→ **Prompt**:
Write out the data word for word and drop any picture you find.

→ **Material shown**:
────────────────
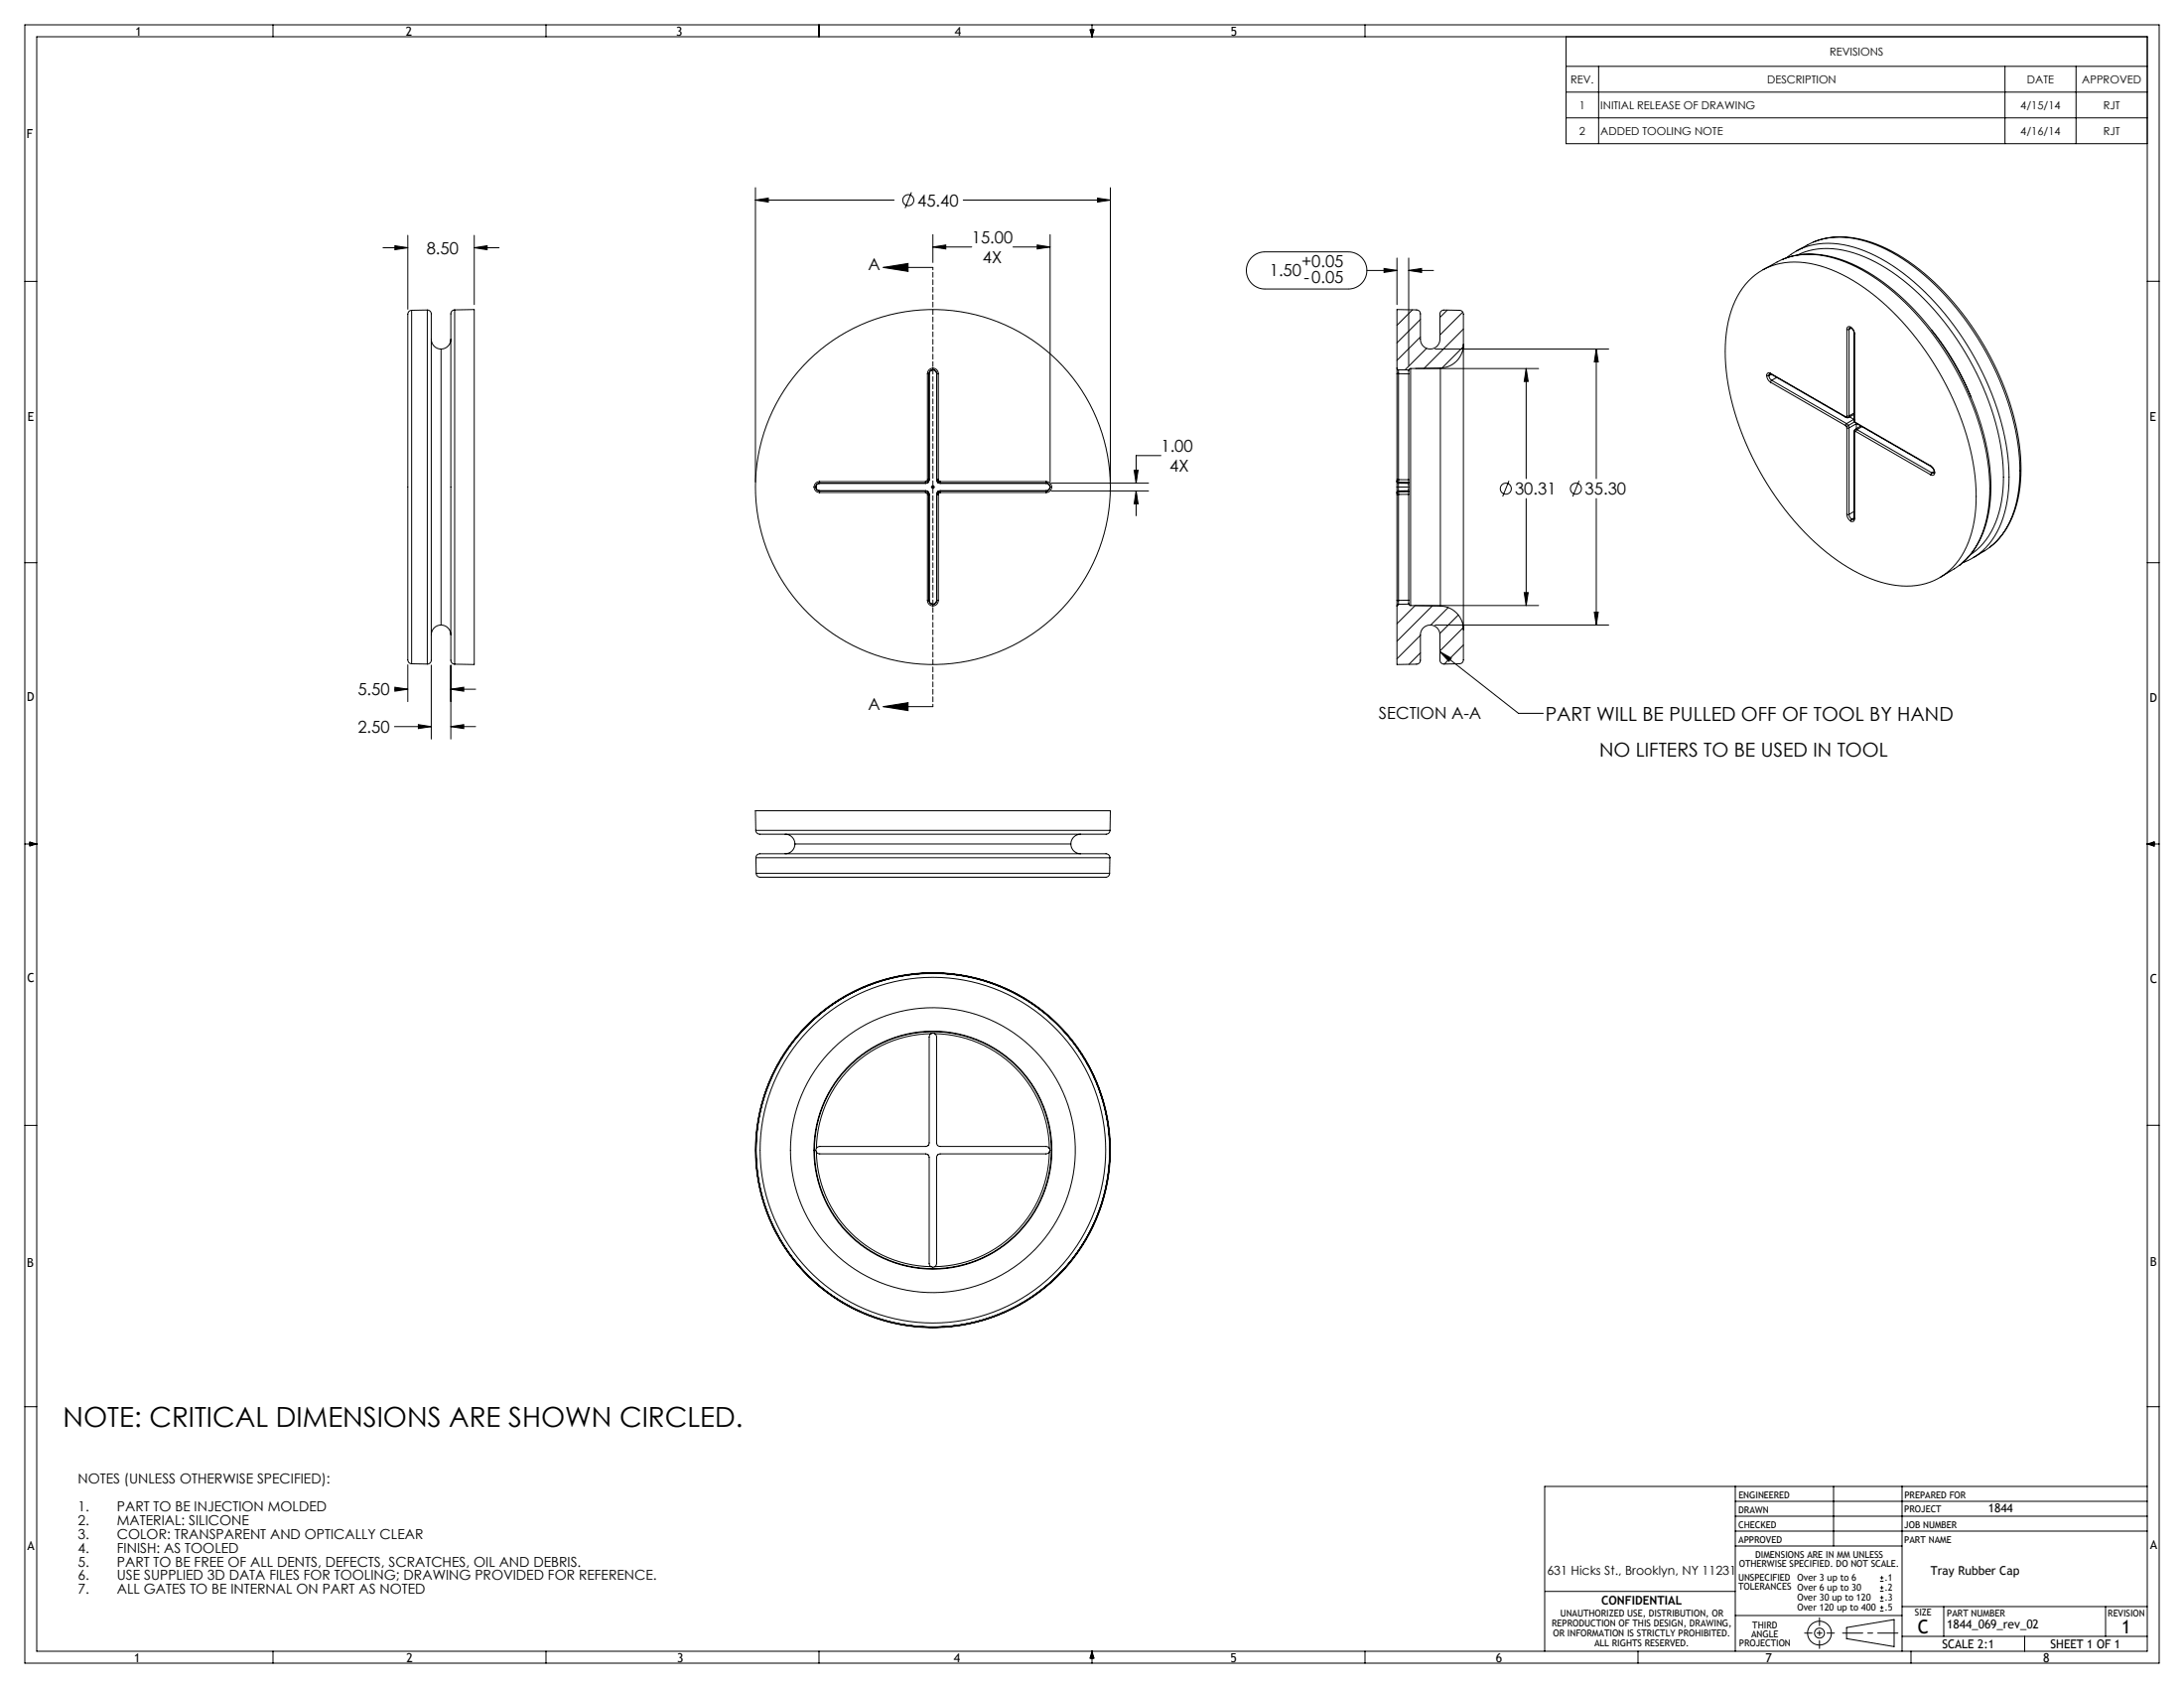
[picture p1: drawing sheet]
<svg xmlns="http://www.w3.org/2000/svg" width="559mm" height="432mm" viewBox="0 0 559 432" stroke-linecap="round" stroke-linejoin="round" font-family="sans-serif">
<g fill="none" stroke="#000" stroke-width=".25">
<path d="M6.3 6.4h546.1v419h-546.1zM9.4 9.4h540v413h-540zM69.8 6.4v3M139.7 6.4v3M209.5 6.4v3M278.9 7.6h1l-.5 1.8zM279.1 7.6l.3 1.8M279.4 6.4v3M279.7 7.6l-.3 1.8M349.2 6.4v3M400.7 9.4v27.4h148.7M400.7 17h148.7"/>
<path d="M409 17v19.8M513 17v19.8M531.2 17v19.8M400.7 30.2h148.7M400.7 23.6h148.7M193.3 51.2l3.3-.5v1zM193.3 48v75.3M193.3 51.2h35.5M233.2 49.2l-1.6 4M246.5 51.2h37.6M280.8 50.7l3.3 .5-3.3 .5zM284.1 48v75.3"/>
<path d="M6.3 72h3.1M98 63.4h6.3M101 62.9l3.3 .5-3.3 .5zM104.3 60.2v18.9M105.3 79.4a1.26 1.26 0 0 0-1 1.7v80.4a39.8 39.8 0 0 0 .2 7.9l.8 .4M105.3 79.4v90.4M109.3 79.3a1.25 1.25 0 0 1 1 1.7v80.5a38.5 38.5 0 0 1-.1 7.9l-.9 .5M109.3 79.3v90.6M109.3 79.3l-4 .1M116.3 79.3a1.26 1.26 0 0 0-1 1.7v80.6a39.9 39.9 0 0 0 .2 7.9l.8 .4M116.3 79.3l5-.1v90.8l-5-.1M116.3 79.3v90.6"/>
────────────────
→ **Answer for the task**:
[picture p1: drawing sheet]
<svg xmlns="http://www.w3.org/2000/svg" width="559mm" height="432mm" viewBox="0 0 559 432" stroke-linecap="round" stroke-linejoin="round" font-family="sans-serif">
<g fill="none" stroke="#000" stroke-width=".25">
<path d="M6.3 6.4h546.1v419h-546.1zM9.4 9.4h540v413h-540zM69.8 6.4v3M139.7 6.4v3M209.5 6.4v3M278.9 7.6h1l-.5 1.8zM279.1 7.6l.3 1.8M279.4 6.4v3M279.7 7.6l-.3 1.8M349.2 6.4v3M400.7 9.4v27.4h148.7M400.7 17h148.7"/>
<path d="M409 17v19.8M513 17v19.8M531.2 17v19.8M400.7 30.2h148.7M400.7 23.6h148.7M193.3 51.2l3.3-.5v1zM193.3 48v75.3M193.3 51.2h35.5M233.2 49.2l-1.6 4M246.5 51.2h37.6M280.8 50.7l3.3 .5-3.3 .5zM284.1 48v75.3"/>
<path d="M6.3 72h3.1M98 63.4h6.3M101 62.9l3.3 .5-3.3 .5zM104.3 60.2v18.9M105.3 79.4a1.26 1.26 0 0 0-1 1.7v80.4a39.8 39.8 0 0 0 .2 7.9l.8 .4M105.3 79.4v90.4M109.3 79.3a1.25 1.25 0 0 1 1 1.7v80.5a38.5 38.5 0 0 1-.1 7.9l-.9 .5M109.3 79.3v90.6M109.3 79.3l-4 .1M116.3 79.3a1.26 1.26 0 0 0-1 1.7v80.6a39.9 39.9 0 0 0 .2 7.9l.8 .4M116.3 79.3l5-.1v90.8l-5-.1M116.3 79.3v90.6"/>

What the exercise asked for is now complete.